> What the task requires
The required output is the lines below from the line containing "#280=ORIENTED_EDGE('',*,*,#279,.T.);" to the line containing "#286=VERTEX_POINT('',#285);", inclusive, retyped exactly. No other lines belong in it.

───

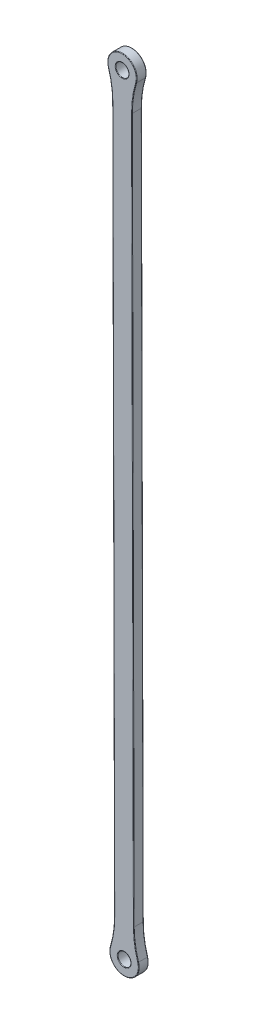
ISO-10303-21;
HEADER;
FILE_DESCRIPTION(('STEP AP214'),'2;1');
FILE_NAME('part.step','',(''),(''),'','','');
FILE_SCHEMA(('AUTOMOTIVE_DESIGN { 1 0 10303 214 1 1 1 1 }'));
ENDSEC;
DATA;
#1=APPLICATION_CONTEXT('core data for automotive mechanical design processes');
#2=APPLICATION_PROTOCOL_DEFINITION('international standard','automotive_design',2000,#1);
#3=PRODUCT_CONTEXT('',#1,'mechanical');
#4=PRODUCT('Part','Part','',(#3));
#5=PRODUCT_RELATED_PRODUCT_CATEGORY('part','',(#4));
#6=PRODUCT_DEFINITION_FORMATION('','',#4);
#7=PRODUCT_DEFINITION_CONTEXT('part definition',#1,'design');
#8=PRODUCT_DEFINITION('design','',#6,#7);
#9=PRODUCT_DEFINITION_SHAPE('','',#8);
#10=(LENGTH_UNIT() NAMED_UNIT(*) SI_UNIT(.MILLI.,.METRE.));
#11=(NAMED_UNIT(*) PLANE_ANGLE_UNIT() SI_UNIT($,.RADIAN.));
#12=(NAMED_UNIT(*) SI_UNIT($,.STERADIAN.) SOLID_ANGLE_UNIT());
#13=UNCERTAINTY_MEASURE_WITH_UNIT(LENGTH_MEASURE(1.E-05),#10,'distance_accuracy_value','');
#14=(GEOMETRIC_REPRESENTATION_CONTEXT(3) GLOBAL_UNCERTAINTY_ASSIGNED_CONTEXT((#13)) GLOBAL_UNIT_ASSIGNED_CONTEXT((#10,
#11,#12)) REPRESENTATION_CONTEXT('',''));
#15=CARTESIAN_POINT('',(0.,0.,0.));
#16=DIRECTION('',(0.,0.,1.));
#17=DIRECTION('',(1.,0.,0.));
#18=AXIS2_PLACEMENT_3D('',#15,#16,#17);
#19=CARTESIAN_POINT('',(11.4805483064947,0.0304454842710999,-3.));
#20=DIRECTION('',(0.999996483681336,0.00265190968255863,0.));
#21=DIRECTION('',(-0.00265190968255863,0.999996483681336,0.));
#22=AXIS2_PLACEMENT_3D('',#19,#20,#21);
#23=PLANE('',#22);
#24=DIRECTION('',(0.,0.,1.));
#25=VECTOR('',#24,1.);
#26=CARTESIAN_POINT('',(11.473326205843,2.75379436149719,-3.));
#27=LINE('',#26,#25);
#28=CARTESIAN_POINT('',(11.473326205843,2.75379436149719,-2.85));
#29=VERTEX_POINT('',#28);
#30=CARTESIAN_POINT('',(11.473326205843,2.75379436149719,-0.15));
#31=VERTEX_POINT('',#30);
#32=EDGE_CURVE('E302',#29,#31,#27,.T.);
#33=ORIENTED_EDGE('',*,*,#32,.T.);
#34=DIRECTION('',(-0.00265190968255863,0.999996483681336,0.));
#35=VECTOR('',#34,1.);
#36=CARTESIAN_POINT('',(10.8987204377385,219.429253328547,-0.15));
#37=LINE('',#36,#35);
#38=CARTESIAN_POINT('',(10.8987204377385,219.429253328547,-0.15));
#39=VERTEX_POINT('',#38);
#40=EDGE_CURVE('E209',#31,#39,#37,.T.);
#41=ORIENTED_EDGE('',*,*,#40,.T.);
#42=DIRECTION('',(0.,0.,1.));
#43=VECTOR('',#42,1.);
#44=CARTESIAN_POINT('',(10.8987204377385,219.429253328547,-3.));
#45=LINE('',#44,#43);
#46=CARTESIAN_POINT('',(10.8987204377385,219.429253328547,-2.85));
#47=VERTEX_POINT('',#46);
#48=EDGE_CURVE('E296',#39,#47,#45,.F.);
#49=ORIENTED_EDGE('',*,*,#48,.T.);
#50=DIRECTION('',(-0.00265190968255863,0.999996483681336,0.));
#51=VECTOR('',#50,1.);
#52=CARTESIAN_POINT('',(11.4805483064947,0.0304454842710999,-2.85));
#53=LINE('',#52,#51);
#54=EDGE_CURVE('E207',#47,#29,#53,.F.);
#55=ORIENTED_EDGE('',*,*,#54,.T.);
#56=EDGE_LOOP('',(#33,#41,#49,#55));
#57=FACE_BOUND('',#56,.T.);
#58=ADVANCED_FACE('F34',(#57),#23,.F.);
#59=CARTESIAN_POINT('',(13.8720255623407,229.49947957407,-3.));
#60=DIRECTION('',(0.,0.,1.));
#61=DIRECTION('',(1.,0.,0.));
#62=AXIS2_PLACEMENT_3D('',#59,#60,#61);
#63=CYLINDRICAL_SURFACE('',#62,4.50000000000002);
#64=DIRECTION('',(0.,0.,1.));
#65=VECTOR('',#64,1.);
#66=CARTESIAN_POINT('',(9.57117343603082,228.175594765026,-3.));
#67=LINE('',#66,#65);
#68=CARTESIAN_POINT('',(9.57117343603082,228.175594765026,-2.85));
#69=VERTEX_POINT('',#68);
#70=CARTESIAN_POINT('',(9.57117343603082,228.175594765026,-0.15));
#71=VERTEX_POINT('',#70);
#72=EDGE_CURVE('E298',#69,#71,#67,.T.);
#73=ORIENTED_EDGE('',*,*,#72,.T.);
#74=CARTESIAN_POINT('',(13.8720255623407,229.49947957407,-0.15));
#75=DIRECTION('',(0.,0.,1.));
#76=DIRECTION('',(1.,0.,0.));
#77=AXIS2_PLACEMENT_3D('',#74,#75,#76);
#78=CIRCLE('',#77,4.50000000000002);
#79=CARTESIAN_POINT('',(18.1798388172876,228.198424248381,-0.15));
#80=VERTEX_POINT('',#79);
#81=EDGE_CURVE('E184',#71,#80,#78,.F.);
#82=ORIENTED_EDGE('',*,*,#81,.T.);
#83=DIRECTION('',(0.,0.,1.));
#84=VECTOR('',#83,1.);
#85=CARTESIAN_POINT('',(18.1798388172876,228.198424248381,-3.));
#86=LINE('',#85,#84);
#87=CARTESIAN_POINT('',(18.1798388172876,228.198424248381,-2.85));
#88=VERTEX_POINT('',#87);
#89=EDGE_CURVE('E305',#80,#88,#86,.F.);
#90=ORIENTED_EDGE('',*,*,#89,.T.);
#91=CARTESIAN_POINT('',(13.8720255623407,229.49947957407,-2.85));
#92=DIRECTION('',(0.,0.,1.));
#93=DIRECTION('',(1.,0.,0.));
#94=AXIS2_PLACEMENT_3D('',#91,#92,#93);
#95=CIRCLE('',#94,4.50000000000002);
#96=EDGE_CURVE('E182',#88,#69,#95,.T.);
#97=ORIENTED_EDGE('',*,*,#96,.T.);
#98=EDGE_LOOP('',(#73,#82,#90,#97));
#99=FACE_BOUND('',#98,.T.);
#100=ADVANCED_FACE('F338',(#99),#63,.T.);
#101=CARTESIAN_POINT('',(17.4805272085827,0.046356942366452,-3.));
#102=DIRECTION('',(0.999996483681336,0.00265190968255864,0.));
#103=DIRECTION('',(-0.00265190968255864,0.999996483681336,0.));
#104=AXIS2_PLACEMENT_3D('',#101,#102,#103);
#105=PLANE('',#104);
#106=DIRECTION('',(0.,0.,-1.));
#107=VECTOR('',#106,1.);
#108=CARTESIAN_POINT('',(16.8986993398265,219.445164786642,0.));
#109=LINE('',#108,#107);
#110=CARTESIAN_POINT('',(16.8986993398265,219.445164786642,-2.85));
#111=VERTEX_POINT('',#110);
#112=CARTESIAN_POINT('',(16.8986993398265,219.445164786642,-0.15));
#113=VERTEX_POINT('',#112);
#114=EDGE_CURVE('E308',#111,#113,#109,.F.);
#115=ORIENTED_EDGE('',*,*,#114,.T.);
#116=DIRECTION('',(-0.00265190968255864,0.999996483681336,0.));
#117=VECTOR('',#116,1.);
#118=CARTESIAN_POINT('',(17.4805272085827,0.046356942366452,-0.15));
#119=LINE('',#118,#117);
#120=CARTESIAN_POINT('',(17.473305107931,2.76970581959246,-0.15));
#121=VERTEX_POINT('',#120);
#122=EDGE_CURVE('E192',#113,#121,#119,.F.);
#123=ORIENTED_EDGE('',*,*,#122,.T.);
#124=DIRECTION('',(0.,0.,-1.));
#125=VECTOR('',#124,1.);
#126=CARTESIAN_POINT('',(17.473305107931,2.76970581959246,-3.));
#127=LINE('',#126,#125);
#128=CARTESIAN_POINT('',(17.473305107931,2.76970581959246,-2.85));
#129=VERTEX_POINT('',#128);
#130=EDGE_CURVE('E303',#121,#129,#127,.T.);
#131=ORIENTED_EDGE('',*,*,#130,.T.);
#132=DIRECTION('',(-0.00265190968255864,0.999996483681336,0.));
#133=VECTOR('',#132,1.);
#134=CARTESIAN_POINT('',(16.8986993398265,219.445164786642,-2.85));
#135=LINE('',#134,#133);
#136=EDGE_CURVE('E190',#129,#111,#135,.T.);
#137=ORIENTED_EDGE('',*,*,#136,.T.);
#138=EDGE_LOOP('',(#115,#123,#131,#137));
#139=FACE_BOUND('',#138,.T.);
#140=ADVANCED_FACE('F382',(#139),#105,.T.);
#141=CARTESIAN_POINT('',(13.8720255623407,229.49947957407,-3.));
#142=DIRECTION('',(0.,0.,1.));
#143=DIRECTION('',(1.,0.,0.));
#144=AXIS2_PLACEMENT_3D('',#141,#142,#143);
#145=CYLINDRICAL_SURFACE('',#144,2.);
#146=CARTESIAN_POINT('',(13.8720255623407,229.49947957407,-0.15));
#147=DIRECTION('',(0.,0.,1.));
#148=DIRECTION('',(1.,0.,0.));
#149=AXIS2_PLACEMENT_3D('',#146,#147,#148);
#150=CIRCLE('',#149,2.);
#151=CARTESIAN_POINT('',(15.8720255623407,229.49947957407,-0.15));
#152=VERTEX_POINT('',#151);
#153=EDGE_CURVE('E214',#152,#152,#150,.T.);
#154=ORIENTED_EDGE('',*,*,#153,.T.);
#155=EDGE_LOOP('',(#154));
#156=FACE_BOUND('',#155,.T.);
#157=CARTESIAN_POINT('',(13.8720255623407,229.49947957407,-2.85));
#158=DIRECTION('',(0.,0.,1.));
#159=DIRECTION('',(1.,0.,0.));
#160=AXIS2_PLACEMENT_3D('',#157,#158,#159);
#161=CIRCLE('',#160,2.);
#162=CARTESIAN_POINT('',(15.8720255623407,229.49947957407,-2.85));
#163=VERTEX_POINT('',#162);
#164=EDGE_CURVE('E211',#163,#163,#161,.F.);
#165=ORIENTED_EDGE('',*,*,#164,.T.);
#166=EDGE_LOOP('',(#165));
#167=FACE_BOUND('',#166,.T.);
#168=ADVANCED_FACE('F415',(#156,#167),#145,.F.);
#169=CARTESIAN_POINT('',(14.4999999833287,-7.30052042593024,-3.));
#170=DIRECTION('',(0.,0.,1.));
#171=DIRECTION('',(1.,0.,0.));
#172=AXIS2_PLACEMENT_3D('',#169,#170,#171);
#173=CYLINDRICAL_SURFACE('',#172,2.);
#174=CARTESIAN_POINT('',(14.4999999833287,-7.30052042593024,-0.15));
#175=DIRECTION('',(0.,0.,1.));
#176=DIRECTION('',(1.,0.,0.));
#177=AXIS2_PLACEMENT_3D('',#174,#175,#176);
#178=CIRCLE('',#177,2.);
#179=CARTESIAN_POINT('',(16.4999999833287,-7.30052042593024,-0.15));
#180=VERTEX_POINT('',#179);
#181=EDGE_CURVE('E220',#180,#180,#178,.T.);
#182=ORIENTED_EDGE('',*,*,#181,.T.);
#183=EDGE_LOOP('',(#182));
#184=FACE_BOUND('',#183,.T.);
#185=CARTESIAN_POINT('',(14.4999999833287,-7.30052042593024,-2.85));
#186=DIRECTION('',(0.,0.,1.));
#187=DIRECTION('',(1.,0.,0.));
#188=AXIS2_PLACEMENT_3D('',#185,#186,#187);
#189=CIRCLE('',#188,2.);
#190=CARTESIAN_POINT('',(16.4999999833287,-7.30052042593024,-2.85));
#191=VERTEX_POINT('',#190);
#192=EDGE_CURVE('E217',#191,#191,#189,.F.);
#193=ORIENTED_EDGE('',*,*,#192,.T.);
#194=EDGE_LOOP('',(#193));
#195=FACE_BOUND('',#194,.T.);
#196=ADVANCED_FACE('F418',(#184,#195),#173,.F.);
#197=CARTESIAN_POINT('',(14.4999999833287,-7.30052042593024,-3.));
#198=DIRECTION('',(0.,0.,1.));
#199=DIRECTION('',(1.,0.,0.));
#200=AXIS2_PLACEMENT_3D('',#197,#198,#199);
#201=CYLINDRICAL_SURFACE('',#200,4.50000000000001);
#202=DIRECTION('',(0.,0.,1.));
#203=VECTOR('',#202,1.);
#204=CARTESIAN_POINT('',(18.8008521096386,-5.97663561688683,-3.));
#205=LINE('',#204,#203);
#206=CARTESIAN_POINT('',(18.8008521096386,-5.97663561688683,-2.85));
#207=VERTEX_POINT('',#206);
#208=CARTESIAN_POINT('',(18.8008521096386,-5.97663561688683,-0.15));
#209=VERTEX_POINT('',#208);
#210=EDGE_CURVE('E371',#207,#209,#205,.T.);
#211=ORIENTED_EDGE('',*,*,#210,.T.);
#212=CARTESIAN_POINT('',(14.4999999833287,-7.30052042593024,-0.15));
#213=DIRECTION('',(0.,0.,1.));
#214=DIRECTION('',(1.,0.,0.));
#215=AXIS2_PLACEMENT_3D('',#212,#213,#214);
#216=CIRCLE('',#215,4.50000000000001);
#217=CARTESIAN_POINT('',(10.1921867283819,-5.99946510024102,-0.15));
#218=VERTEX_POINT('',#217);
#219=EDGE_CURVE('E201',#209,#218,#216,.F.);
#220=ORIENTED_EDGE('',*,*,#219,.T.);
#221=DIRECTION('',(0.,0.,1.));
#222=VECTOR('',#221,1.);
#223=CARTESIAN_POINT('',(10.1921867283819,-5.99946510024102,-3.));
#224=LINE('',#223,#222);
#225=CARTESIAN_POINT('',(10.1921867283819,-5.99946510024102,-2.85));
#226=VERTEX_POINT('',#225);
#227=EDGE_CURVE('E258',#218,#226,#224,.F.);
#228=ORIENTED_EDGE('',*,*,#227,.T.);
#229=CARTESIAN_POINT('',(14.4999999833287,-7.30052042593024,-2.85));
#230=DIRECTION('',(0.,0.,1.));
#231=DIRECTION('',(1.,0.,0.));
#232=AXIS2_PLACEMENT_3D('',#229,#230,#231);
#233=CIRCLE('',#232,4.50000000000001);
#234=EDGE_CURVE('E199',#226,#207,#233,.T.);
#235=ORIENTED_EDGE('',*,*,#234,.T.);
#236=EDGE_LOOP('',(#211,#220,#228,#235));
#237=FACE_BOUND('',#236,.T.);
#238=ADVANCED_FACE('F370',(#237),#201,.T.);
#239=CARTESIAN_POINT('',(0.,0.,-3.));
#240=DIRECTION('',(0.,0.,1.));
#241=DIRECTION('',(1.,0.,0.));
#242=AXIS2_PLACEMENT_3D('',#239,#240,#241);
#243=PLANE('',#242);
#244=DIRECTION('',(-0.00265190968255864,0.999996483681336,0.));
#245=VECTOR('',#244,1.);
#246=CARTESIAN_POINT('',(17.3233056353788,2.76930803314008,-3.));
#247=LINE('',#246,#245);
#248=CARTESIAN_POINT('',(16.7486998672743,219.44476700019,-3.));
#249=VERTEX_POINT('',#248);
#250=CARTESIAN_POINT('',(17.3233056353788,2.76930803314008,-3.));
#251=VERTEX_POINT('',#250);
#252=EDGE_CURVE('E43',#249,#251,#247,.F.);
#253=ORIENTED_EDGE('',*,*,#252,.T.);
#254=CARTESIAN_POINT('',(47.4731996183711,2.84926311006922,-3.));
#255=DIRECTION('',(0.,0.,1.));
#256=DIRECTION('',(1.,0.,0.));
#257=AXIS2_PLACEMENT_3D('',#254,#255,#256);
#258=CIRCLE('',#257,30.15);
#259=CARTESIAN_POINT('',(18.657490372095,-6.02076511052161,-3.));
#260=VERTEX_POINT('',#259);
#261=EDGE_CURVE('E11',#251,#260,#258,.T.);
#262=ORIENTED_EDGE('',*,*,#261,.T.);
#263=CARTESIAN_POINT('',(14.4999999833287,-7.30052042593024,-3.));
#264=DIRECTION('',(0.,0.,1.));
#265=DIRECTION('',(1.,0.,0.));
#266=AXIS2_PLACEMENT_3D('',#263,#264,#265);
#267=CIRCLE('',#266,4.35000000000001);
#268=CARTESIAN_POINT('',(10.3357805035468,-6.04283361109733,-3.));
#269=VERTEX_POINT('',#268);
#270=EDGE_CURVE('E229',#260,#269,#267,.F.);
#271=ORIENTED_EDGE('',*,*,#270,.T.);
#272=CARTESIAN_POINT('',(-18.5265683045971,2.67423707102044,-3.));
#273=DIRECTION('',(0.,0.,1.));
#274=DIRECTION('',(1.,0.,0.));
#275=AXIS2_PLACEMENT_3D('',#272,#273,#274);
#276=CIRCLE('',#275,30.15);
#277=CARTESIAN_POINT('',(11.6233256783952,2.75419214794958,-3.));
#278=VERTEX_POINT('',#277);
#279=EDGE_CURVE('E231',#269,#278,#276,.T.);
#280=ORIENTED_EDGE('',*,*,#279,.T.);
#281=DIRECTION('',(-0.00265190968255863,0.999996483681336,0.));
#282=VECTOR('',#281,1.);
#283=CARTESIAN_POINT('',(11.6305477790469,0.0308432707234837,-3.));
#284=LINE('',#283,#282);
#285=CARTESIAN_POINT('',(11.0487199102907,219.429651114999,-3.));
#286=VERTEX_POINT('',#285);
#287=EDGE_CURVE('E233',#278,#286,#284,.T.);
#288=ORIENTED_EDGE('',*,*,#287,.T.);
#289=CARTESIAN_POINT('',(-19.1011740727016,219.34969603807,-3.));
#290=DIRECTION('',(0.,0.,1.));
#291=DIRECTION('',(1.,0.,0.));
#292=AXIS2_PLACEMENT_3D('',#289,#290,#291);
#293=CIRCLE('',#292,30.15);
#294=CARTESIAN_POINT('',(9.71453517357448,228.219724258661,-3.));
#295=VERTEX_POINT('',#294);
#296=EDGE_CURVE('E235',#286,#295,#293,.T.);
#297=ORIENTED_EDGE('',*,*,#296,.T.);
#298=CARTESIAN_POINT('',(13.8720255623407,229.49947957407,-3.));
#299=DIRECTION('',(0.,0.,1.));
#300=DIRECTION('',(1.,0.,0.));
#301=AXIS2_PLACEMENT_3D('',#298,#299,#300);
#302=CIRCLE('',#301,4.35000000000002);
#303=CARTESIAN_POINT('',(18.0362450421227,228.241792759237,-3.));
#304=VERTEX_POINT('',#303);
#305=EDGE_CURVE('E237',#295,#304,#302,.F.);
#306=ORIENTED_EDGE('',*,*,#305,.T.);
#307=CARTESIAN_POINT('',(46.8985938502665,219.524722077119,-3.));
#308=DIRECTION('',(0.,0.,1.));
#309=DIRECTION('',(1.,0.,0.));
#310=AXIS2_PLACEMENT_3D('',#307,#308,#309);
#311=CIRCLE('',#310,30.15);
#312=EDGE_CURVE('E54',#304,#249,#311,.T.);
#313=ORIENTED_EDGE('',*,*,#312,.T.);
#314=EDGE_LOOP('',(#253,#262,#271,#280,#288,#297,#306,#313));
#315=FACE_BOUND('',#314,.T.);
#316=CARTESIAN_POINT('',(13.8720255623407,229.49947957407,-3.));
#317=DIRECTION('',(0.,0.,1.));
#318=DIRECTION('',(1.,0.,0.));
#319=AXIS2_PLACEMENT_3D('',#316,#317,#318);
#320=CIRCLE('',#319,2.15);
#321=CARTESIAN_POINT('',(16.0220255623407,229.49947957407,-3.));
#322=VERTEX_POINT('',#321);
#323=EDGE_CURVE('E226',#322,#322,#320,.T.);
#324=ORIENTED_EDGE('',*,*,#323,.T.);
#325=EDGE_LOOP('',(#324));
#326=FACE_BOUND('',#325,.T.);
#327=CARTESIAN_POINT('',(14.4999999833287,-7.30052042593024,-3.));
#328=DIRECTION('',(0.,0.,1.));
#329=DIRECTION('',(1.,0.,0.));
#330=AXIS2_PLACEMENT_3D('',#327,#328,#329);
#331=CIRCLE('',#330,2.15);
#332=CARTESIAN_POINT('',(16.6499999833287,-7.30052042593024,-3.));
#333=VERTEX_POINT('',#332);
#334=EDGE_CURVE('E223',#333,#333,#331,.T.);
#335=ORIENTED_EDGE('',*,*,#334,.T.);
#336=EDGE_LOOP('',(#335));
#337=FACE_BOUND('',#336,.T.);
#338=ADVANCED_FACE('F355',(#315,#326,#337),#243,.F.);
#339=CARTESIAN_POINT('',(0.,0.,0.));
#340=DIRECTION('',(0.,0.,1.));
#341=DIRECTION('',(1.,0.,0.));
#342=AXIS2_PLACEMENT_3D('',#339,#340,#341);
#343=PLANE('',#342);
#344=CARTESIAN_POINT('',(13.8720255623407,229.49947957407,0.));
#345=DIRECTION('',(0.,0.,1.));
#346=DIRECTION('',(1.,0.,0.));
#347=AXIS2_PLACEMENT_3D('',#344,#345,#346);
#348=CIRCLE('',#347,4.35000000000002);
#349=CARTESIAN_POINT('',(18.0362450421227,228.241792759237,0.));
#350=VERTEX_POINT('',#349);
#351=CARTESIAN_POINT('',(9.71453517357448,228.219724258661,0.));
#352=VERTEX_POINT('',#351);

───

> Exercise result
#280=ORIENTED_EDGE('',*,*,#279,.T.);
#281=DIRECTION('',(-0.00265190968255863,0.999996483681336,0.));
#282=VECTOR('',#281,1.);
#283=CARTESIAN_POINT('',(11.6305477790469,0.0308432707234837,-3.));
#284=LINE('',#283,#282);
#285=CARTESIAN_POINT('',(11.0487199102907,219.429651114999,-3.));
#286=VERTEX_POINT('',#285);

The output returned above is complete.